I was assured this was not the case in the flesh, was showm a real one, so ordered it. They also told me the promo material was Lava grey. Therefore I can personally assure you that a) it is not brown (unless its pretty dirty!) and b) it looks great.
I think it looks a lot more metallic in fact than the Dolphin grey. My sister has a Dolphin grey A3 (we're bit of an A3 family) and when they are next to each other, even my sister agreed tha Lava looks a littel nicer and more "metallic". I think a few people are a bit confused on this as there arn't actually that many Lava's on the road that I've noticed; I think more people went for either dolphin or pearly black.


----------



## neilmcl (May 24, 2002)

You know the more I compare the brochure pics to A3s listed on the Audi UK used car locator the more I'm convinced that it is in fact Lava Grey.


----------



## |3eegrich (Aug 20, 2004)

I've just ordered Dolphin Grey - estimated to be here mid October.


----------



## tikki (Sep 15, 2003)

Just found this thread.

Just about to order the Sportback. Was going to be the Tdi to replace our A2 Tdi. Then it was the 3.2 to replace our TTC 225. Now it's the 2.0 TFSi to replace the A2!!

Colour?? It's got to be the one in the brochure. I was convinced it was Dolphin Grey until now 

Lava Grey looks good also but don't think the car in the piccys is dark enough for that.

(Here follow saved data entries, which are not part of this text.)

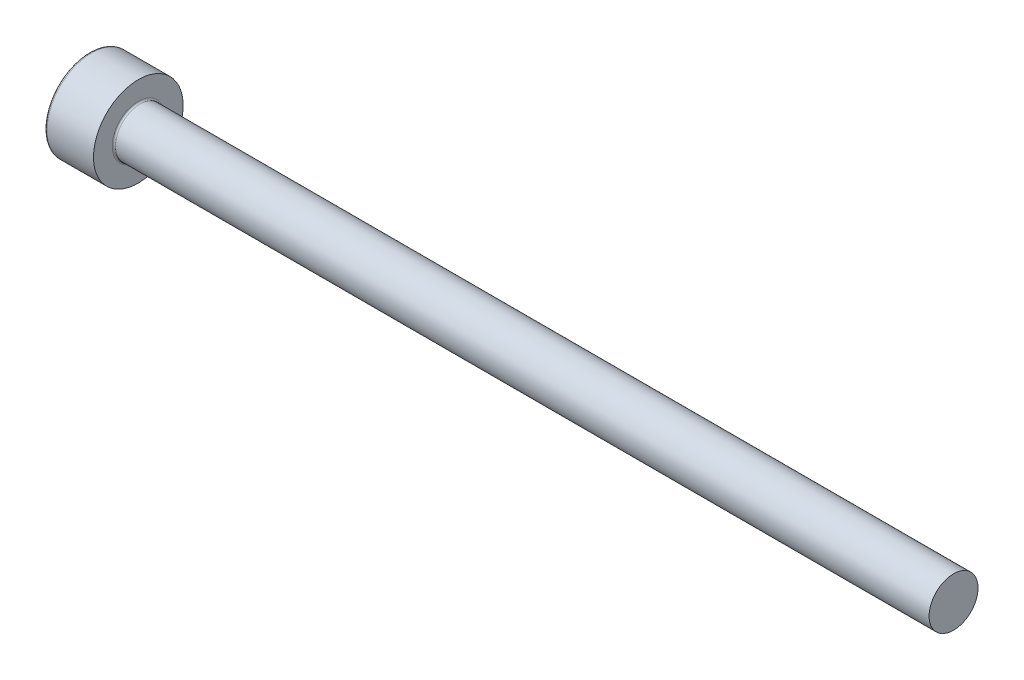
ISO-10303-21;
HEADER;
FILE_DESCRIPTION(('STEP AP214'),'2;1');
FILE_NAME('part.step','',(''),(''),'','','');
FILE_SCHEMA(('AUTOMOTIVE_DESIGN { 1 0 10303 214 1 1 1 1 }'));
ENDSEC;
DATA;
#1=APPLICATION_CONTEXT('core data for automotive mechanical design processes');
#2=APPLICATION_PROTOCOL_DEFINITION('international standard','automotive_design',2000,#1);
#3=PRODUCT_CONTEXT('',#1,'mechanical');
#4=PRODUCT('Part','Part','',(#3));
#5=PRODUCT_RELATED_PRODUCT_CATEGORY('part','',(#4));
#6=PRODUCT_DEFINITION_FORMATION('','',#4);
#7=PRODUCT_DEFINITION_CONTEXT('part definition',#1,'design');
#8=PRODUCT_DEFINITION('design','',#6,#7);
#9=PRODUCT_DEFINITION_SHAPE('','',#8);
#10=(LENGTH_UNIT() NAMED_UNIT(*) SI_UNIT(.MILLI.,.METRE.));
#11=(NAMED_UNIT(*) PLANE_ANGLE_UNIT() SI_UNIT($,.RADIAN.));
#12=(NAMED_UNIT(*) SI_UNIT($,.STERADIAN.) SOLID_ANGLE_UNIT());
#13=UNCERTAINTY_MEASURE_WITH_UNIT(LENGTH_MEASURE(1.E-05),#10,'distance_accuracy_value','');
#14=(GEOMETRIC_REPRESENTATION_CONTEXT(3) GLOBAL_UNCERTAINTY_ASSIGNED_CONTEXT((#13)) GLOBAL_UNIT_ASSIGNED_CONTEXT((#10,
#11,#12)) REPRESENTATION_CONTEXT('',''));
#15=CARTESIAN_POINT('',(0.,0.,0.));
#16=DIRECTION('',(0.,0.,1.));
#17=DIRECTION('',(1.,0.,0.));
#18=AXIS2_PLACEMENT_3D('',#15,#16,#17);
#19=CARTESIAN_POINT('',(-64.4045928047759,8.79516449896665,-40.4453986422559));
#20=DIRECTION('',(-1.,0.,0.));
#21=DIRECTION('',(0.,0.,1.));
#22=AXIS2_PLACEMENT_3D('',#19,#20,#21);
#23=CYLINDRICAL_SURFACE('',#22,1.49999999999999);
#24=CARTESIAN_POINT('',(-29.5545928047759,8.79516449896665,-40.4453986422559));
#25=DIRECTION('',(1.,0.,0.));
#26=DIRECTION('',(0.,0.,-1.));
#27=AXIS2_PLACEMENT_3D('',#24,#25,#26);
#28=CIRCLE('',#27,1.49999999999999);
#29=CARTESIAN_POINT('',(-29.5545928047759,8.79516449896665,-41.9453986422559));
#30=VERTEX_POINT('',#29);
#31=EDGE_CURVE('E156',#30,#30,#28,.T.);
#32=ORIENTED_EDGE('',*,*,#31,.T.);
#33=EDGE_LOOP('',(#32));
#34=FACE_BOUND('',#33,.T.);
#35=CARTESIAN_POINT('',(20.3454071952241,8.79516449896665,-40.4453986422559));
#36=DIRECTION('',(1.,0.,0.));
#37=DIRECTION('',(0.,0.,-1.));
#38=AXIS2_PLACEMENT_3D('',#35,#36,#37);
#39=CIRCLE('',#38,1.49999999999999);
#40=CARTESIAN_POINT('',(20.3454071952241,8.79516449896665,-41.9453986422559));
#41=VERTEX_POINT('',#40);
#42=EDGE_CURVE('E12',#41,#41,#39,.F.);
#43=ORIENTED_EDGE('',*,*,#42,.T.);
#44=EDGE_LOOP('',(#43));
#45=FACE_BOUND('',#44,.T.);
#46=ADVANCED_FACE('F42',(#34,#45),#23,.T.);
#47=CARTESIAN_POINT('',(-32.6545928047759,8.79516449896665,-40.4453986422559));
#48=DIRECTION('',(-1.,0.,0.));
#49=DIRECTION('',(0.,0.,1.));
#50=AXIS2_PLACEMENT_3D('',#47,#48,#49);
#51=PLANE('',#50);
#52=DIRECTION('',(0.,-0.499999999999998,0.866025403784439));
#53=VECTOR('',#52,1.);
#54=CARTESIAN_POINT('',(-32.6545928047759,10.2731811880921,-40.4453986422559));
#55=LINE('',#54,#53);
#56=CARTESIAN_POINT('',(-32.6545928047759,10.2731811880921,-40.4453986422559));
#57=VERTEX_POINT('',#56);
#58=CARTESIAN_POINT('',(-32.6545928047759,9.53417284352937,-39.1653986422559));
#59=VERTEX_POINT('',#58);
#60=EDGE_CURVE('E267',#57,#59,#55,.T.);
#61=ORIENTED_EDGE('',*,*,#60,.T.);
#62=DIRECTION('',(0.,1.,0.));
#63=VECTOR('',#62,1.);
#64=CARTESIAN_POINT('',(-32.6545928047759,8.05615615440393,-39.1653986422559));
#65=LINE('',#64,#63);
#66=CARTESIAN_POINT('',(-32.6545928047759,8.05615615440393,-39.1653986422559));
#67=VERTEX_POINT('',#66);
#68=EDGE_CURVE('E138',#67,#59,#65,.T.);
#69=ORIENTED_EDGE('',*,*,#68,.F.);
#70=DIRECTION('',(0.,-0.500000000000001,-0.866025403784438));
#71=VECTOR('',#70,1.);
#72=CARTESIAN_POINT('',(-32.6545928047759,8.05615615440393,-39.1653986422559));
#73=LINE('',#72,#71);
#74=CARTESIAN_POINT('',(-32.6545928047759,7.31714780984121,-40.4453986422559));
#75=VERTEX_POINT('',#74);
#76=EDGE_CURVE('E270',#67,#75,#73,.T.);
#77=ORIENTED_EDGE('',*,*,#76,.T.);
#78=DIRECTION('',(0.,0.499999999999998,-0.866025403784439));
#79=VECTOR('',#78,1.);
#80=CARTESIAN_POINT('',(-32.6545928047759,7.31714780984121,-40.4453986422559));
#81=LINE('',#80,#79);
#82=CARTESIAN_POINT('',(-32.6545928047759,8.05615615440393,-41.7253986422559));
#83=VERTEX_POINT('',#82);
#84=EDGE_CURVE('E273',#75,#83,#81,.T.);
#85=ORIENTED_EDGE('',*,*,#84,.T.);
#86=DIRECTION('',(0.,-1.,0.));
#87=VECTOR('',#86,1.);
#88=CARTESIAN_POINT('',(-32.6545928047759,9.53417284352937,-41.7253986422559));
#89=LINE('',#88,#87);
#90=CARTESIAN_POINT('',(-32.6545928047759,9.53417284352937,-41.7253986422559));
#91=VERTEX_POINT('',#90);
#92=EDGE_CURVE('E276',#91,#83,#89,.T.);
#93=ORIENTED_EDGE('',*,*,#92,.F.);
#94=DIRECTION('',(0.,-0.500000000000001,-0.866025403784438));
#95=VECTOR('',#94,1.);
#96=CARTESIAN_POINT('',(-32.6545928047759,10.2731811880921,-40.4453986422559));
#97=LINE('',#96,#95);
#98=EDGE_CURVE('E133',#57,#91,#97,.T.);
#99=ORIENTED_EDGE('',*,*,#98,.F.);
#100=EDGE_LOOP('',(#61,#69,#77,#85,#93,#99));
#101=FACE_BOUND('',#100,.T.);
#102=CARTESIAN_POINT('',(-32.6545928047759,8.79516449896665,-40.4453986422559));
#103=DIRECTION('',(-1.,0.,0.));
#104=DIRECTION('',(0.,0.,1.));
#105=AXIS2_PLACEMENT_3D('',#102,#103,#104);
#106=CIRCLE('',#105,2.6);
#107=CARTESIAN_POINT('',(-32.6545928047759,8.79516449896665,-37.8453986422559));
#108=VERTEX_POINT('',#107);
#109=EDGE_CURVE('E159',#108,#108,#106,.T.);
#110=ORIENTED_EDGE('',*,*,#109,.T.);
#111=EDGE_LOOP('',(#110));
#112=FACE_BOUND('',#111,.T.);
#113=ADVANCED_FACE('F173',(#101,#112),#51,.T.);
#114=CARTESIAN_POINT('',(-64.4045928047759,8.79516449896665,-40.4453986422559));
#115=DIRECTION('',(-1.,0.,0.));
#116=DIRECTION('',(0.,0.,1.));
#117=AXIS2_PLACEMENT_3D('',#114,#115,#116);
#118=CYLINDRICAL_SURFACE('',#117,2.75);
#119=CARTESIAN_POINT('',(-32.5045928047759,8.79516449896665,-40.4453986422559));
#120=DIRECTION('',(-1.,0.,0.));
#121=DIRECTION('',(0.,0.,1.));
#122=AXIS2_PLACEMENT_3D('',#119,#120,#121);
#123=CIRCLE('',#122,2.75);
#124=CARTESIAN_POINT('',(-32.5045928047759,8.79516449896665,-37.6953986422559));
#125=VERTEX_POINT('',#124);
#126=EDGE_CURVE('E50',#125,#125,#123,.F.);
#127=ORIENTED_EDGE('',*,*,#126,.T.);
#128=EDGE_LOOP('',(#127));
#129=FACE_BOUND('',#128,.T.);
#130=CARTESIAN_POINT('',(-29.6545928047759,8.79516449896665,-40.4453986422559));
#131=DIRECTION('',(-1.,0.,0.));
#132=DIRECTION('',(0.,0.,1.));
#133=AXIS2_PLACEMENT_3D('',#130,#131,#132);
#134=CIRCLE('',#133,2.75);
#135=CARTESIAN_POINT('',(-29.6545928047759,8.79516449896665,-37.6953986422559));
#136=VERTEX_POINT('',#135);
#137=EDGE_CURVE('E149',#136,#136,#134,.T.);
#138=ORIENTED_EDGE('',*,*,#137,.T.);
#139=EDGE_LOOP('',(#138));
#140=FACE_BOUND('',#139,.T.);
#141=ADVANCED_FACE('F164',(#129,#140),#118,.T.);
#142=CARTESIAN_POINT('',(-29.6545928047759,11.5451644989667,-40.4453986422559));
#143=DIRECTION('',(1.,0.,0.));
#144=DIRECTION('',(0.,0.,-1.));
#145=AXIS2_PLACEMENT_3D('',#142,#143,#144);
#146=PLANE('',#145);
#147=CARTESIAN_POINT('',(-29.6545928047759,8.79516449896665,-40.4453986422559));
#148=DIRECTION('',(1.,0.,0.));
#149=DIRECTION('',(0.,0.,-1.));
#150=AXIS2_PLACEMENT_3D('',#147,#148,#149);
#151=CIRCLE('',#150,1.59999999999999);
#152=CARTESIAN_POINT('',(-29.6545928047759,8.79516449896665,-42.0453986422559));
#153=VERTEX_POINT('',#152);
#154=EDGE_CURVE('E153',#153,#153,#151,.F.);
#155=ORIENTED_EDGE('',*,*,#154,.T.);
#156=EDGE_LOOP('',(#155));
#157=FACE_BOUND('',#156,.T.);
#158=ORIENTED_EDGE('',*,*,#137,.F.);
#159=EDGE_LOOP('',(#158));
#160=FACE_BOUND('',#159,.T.);
#161=ADVANCED_FACE('F181',(#157,#160),#146,.T.);
#162=CARTESIAN_POINT('',(20.3454071952241,10.0146644989667,-40.4453986422559));
#163=DIRECTION('',(1.,0.,0.));
#164=DIRECTION('',(0.,0.,-1.));
#165=AXIS2_PLACEMENT_3D('',#162,#163,#164);
#166=PLANE('',#165);
#167=ORIENTED_EDGE('',*,*,#42,.F.);
#168=EDGE_LOOP('',(#167));
#169=FACE_BOUND('',#168,.T.);
#170=ADVANCED_FACE('F44',(#169),#166,.T.);
#171=CARTESIAN_POINT('',(-29.5545928047759,8.79516449896665,-40.4453986422559));
#172=DIRECTION('',(1.,0.,0.));
#173=DIRECTION('',(0.,0.,-1.));
#174=AXIS2_PLACEMENT_3D('',#171,#172,#173);
#175=TOROIDAL_SURFACE('',#174,1.59999999999999,0.1);
#176=ORIENTED_EDGE('',*,*,#31,.F.);
#177=EDGE_LOOP('',(#176));
#178=FACE_BOUND('',#177,.T.);
#179=ORIENTED_EDGE('',*,*,#154,.F.);
#180=EDGE_LOOP('',(#179));
#181=FACE_BOUND('',#180,.T.);
#182=ADVANCED_FACE('F170',(#178,#181),#175,.F.);
#183=CARTESIAN_POINT('',(-32.5045928047759,8.79516449896665,-40.4453986422559));
#184=DIRECTION('',(-1.,0.,0.));
#185=DIRECTION('',(0.,0.,1.));
#186=AXIS2_PLACEMENT_3D('',#183,#184,#185);
#187=TOROIDAL_SURFACE('',#186,2.6,0.15);
#188=ORIENTED_EDGE('',*,*,#126,.F.);
#189=EDGE_LOOP('',(#188));
#190=FACE_BOUND('',#189,.T.);
#191=ORIENTED_EDGE('',*,*,#109,.F.);
#192=EDGE_LOOP('',(#191));
#193=FACE_BOUND('',#192,.T.);
#194=ADVANCED_FACE('F167',(#190,#193),#187,.T.);
#195=CARTESIAN_POINT('',(-31.3545928047759,10.2731811880921,-40.4453986422559));
#196=DIRECTION('',(0.,-0.86602540378444,-0.499999999999998));
#197=DIRECTION('',(0.,0.499999999999998,-0.86602540378444));
#198=AXIS2_PLACEMENT_3D('',#195,#196,#197);
#199=PLANE('',#198);
#200=ORIENTED_EDGE('',*,*,#60,.F.);
#201=DIRECTION('',(-1.,0.,0.));
#202=VECTOR('',#201,1.);
#203=CARTESIAN_POINT('',(-31.3545928047759,10.2731811880921,-40.4453986422559));
#204=LINE('',#203,#202);
#205=CARTESIAN_POINT('',(-31.3545928047759,10.2731811880921,-40.4453986422559));
#206=VERTEX_POINT('',#205);
#207=EDGE_CURVE('E257',#206,#57,#204,.T.);
#208=ORIENTED_EDGE('',*,*,#207,.F.);
#209=DIRECTION('',(0.,-0.499999999999998,0.866025403784439));
#210=VECTOR('',#209,1.);
#211=CARTESIAN_POINT('',(-31.3545928047759,10.2731811880921,-40.4453986422559));
#212=LINE('',#211,#210);
#213=CARTESIAN_POINT('',(-31.3545928047759,9.90367701581073,-39.8053986422559));
#214=VERTEX_POINT('',#213);
#215=EDGE_CURVE('E125',#206,#214,#212,.T.);
#216=ORIENTED_EDGE('',*,*,#215,.T.);
#217=CARTESIAN_POINT('',(-31.3545928047759,9.53417284352937,-39.1653986422559));
#218=VERTEX_POINT('',#217);
#219=EDGE_CURVE('E116',#214,#218,#212,.T.);
#220=ORIENTED_EDGE('',*,*,#219,.T.);
#221=DIRECTION('',(-1.,0.,0.));
#222=VECTOR('',#221,1.);
#223=CARTESIAN_POINT('',(-31.3545928047759,9.53417284352937,-39.1653986422559));
#224=LINE('',#223,#222);
#225=EDGE_CURVE('E130',#218,#59,#224,.T.);
#226=ORIENTED_EDGE('',*,*,#225,.T.);
#227=EDGE_LOOP('',(#200,#208,#216,#220,#226));
#228=FACE_BOUND('',#227,.T.);
#229=ADVANCED_FACE('F129',(#228),#199,.T.);
#230=CARTESIAN_POINT('',(-31.3545928047759,8.05615615440393,-39.1653986422559));
#231=DIRECTION('',(0.,0.,1.));
#232=DIRECTION('',(0.,-1.,0.));
#233=AXIS2_PLACEMENT_3D('',#230,#231,#232);
#234=PLANE('',#233);
#235=ORIENTED_EDGE('',*,*,#68,.T.);
#236=ORIENTED_EDGE('',*,*,#225,.F.);
#237=DIRECTION('',(0.,1.,0.));
#238=VECTOR('',#237,1.);
#239=CARTESIAN_POINT('',(-31.3545928047759,8.05615615440393,-39.1653986422559));
#240=LINE('',#239,#238);
#241=CARTESIAN_POINT('',(-31.3545928047759,8.79516449896665,-39.1653986422559));
#242=VERTEX_POINT('',#241);
#243=EDGE_CURVE('E113',#242,#218,#240,.T.);
#244=ORIENTED_EDGE('',*,*,#243,.F.);
#245=CARTESIAN_POINT('',(-31.3545928047759,8.05615615440393,-39.1653986422559));
#246=VERTEX_POINT('',#245);
#247=EDGE_CURVE('E124',#246,#242,#240,.T.);
#248=ORIENTED_EDGE('',*,*,#247,.F.);
#249=DIRECTION('',(-1.,0.,0.));
#250=VECTOR('',#249,1.);
#251=CARTESIAN_POINT('',(-31.3545928047759,8.05615615440393,-39.1653986422559));
#252=LINE('',#251,#250);
#253=EDGE_CURVE('E140',#246,#67,#252,.T.);
#254=ORIENTED_EDGE('',*,*,#253,.T.);
#255=EDGE_LOOP('',(#235,#236,#244,#248,#254));
#256=FACE_BOUND('',#255,.T.);
#257=ADVANCED_FACE('F135',(#256),#234,.F.);
#258=CARTESIAN_POINT('',(-31.3545928047759,8.05615615440393,-39.1653986422559));
#259=DIRECTION('',(0.,0.866025403784438,-0.500000000000001));
#260=DIRECTION('',(0.,0.500000000000001,0.866025403784438));
#261=AXIS2_PLACEMENT_3D('',#258,#259,#260);
#262=PLANE('',#261);
#263=ORIENTED_EDGE('',*,*,#76,.F.);
#264=ORIENTED_EDGE('',*,*,#253,.F.);
#265=DIRECTION('',(0.,-0.500000000000001,-0.866025403784438));
#266=VECTOR('',#265,1.);
#267=CARTESIAN_POINT('',(-31.3545928047759,8.05615615440393,-39.1653986422559));
#268=LINE('',#267,#266);
#269=CARTESIAN_POINT('',(-31.3545928047759,7.68665198212257,-39.8053986422559));
#270=VERTEX_POINT('',#269);
#271=EDGE_CURVE('E296',#246,#270,#268,.T.);
#272=ORIENTED_EDGE('',*,*,#271,.T.);
#273=CARTESIAN_POINT('',(-31.3545928047759,7.31714780984121,-40.4453986422559));
#274=VERTEX_POINT('',#273);
#275=EDGE_CURVE('E285',#270,#274,#268,.T.);
#276=ORIENTED_EDGE('',*,*,#275,.T.);
#277=DIRECTION('',(-1.,0.,0.));
#278=VECTOR('',#277,1.);
#279=CARTESIAN_POINT('',(-31.3545928047759,7.31714780984121,-40.4453986422559));
#280=LINE('',#279,#278);
#281=EDGE_CURVE('E145',#274,#75,#280,.T.);
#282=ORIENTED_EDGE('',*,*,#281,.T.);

Will have to see if the dealer knows :?

PS. Has anyone tried using www.drivethedeal.co.uk 
Never used it before but was given a price after adding lots of extras which was about 9% off list :lol:


----------



## shke (May 15, 2002)

I used drivethedeal for my TTC. I recommend them. They use a v good dealership in the Derby area that will deliver your vehicle to you in the south if you want. I will be using them again for my A3 sportback purchase shortly...


----------



## DXN (May 18, 2002)

I've seen a sportback in the flesh yesterday at the dealer. They are due to show it on Saturday in the garage but its just come off the wagon and unpreped, and I must admit I like it.
It thought it was in dolphin grey (like the brochure) with red leather (but in the sun)

The grill looks very mean in my opinion but suits the car.


----------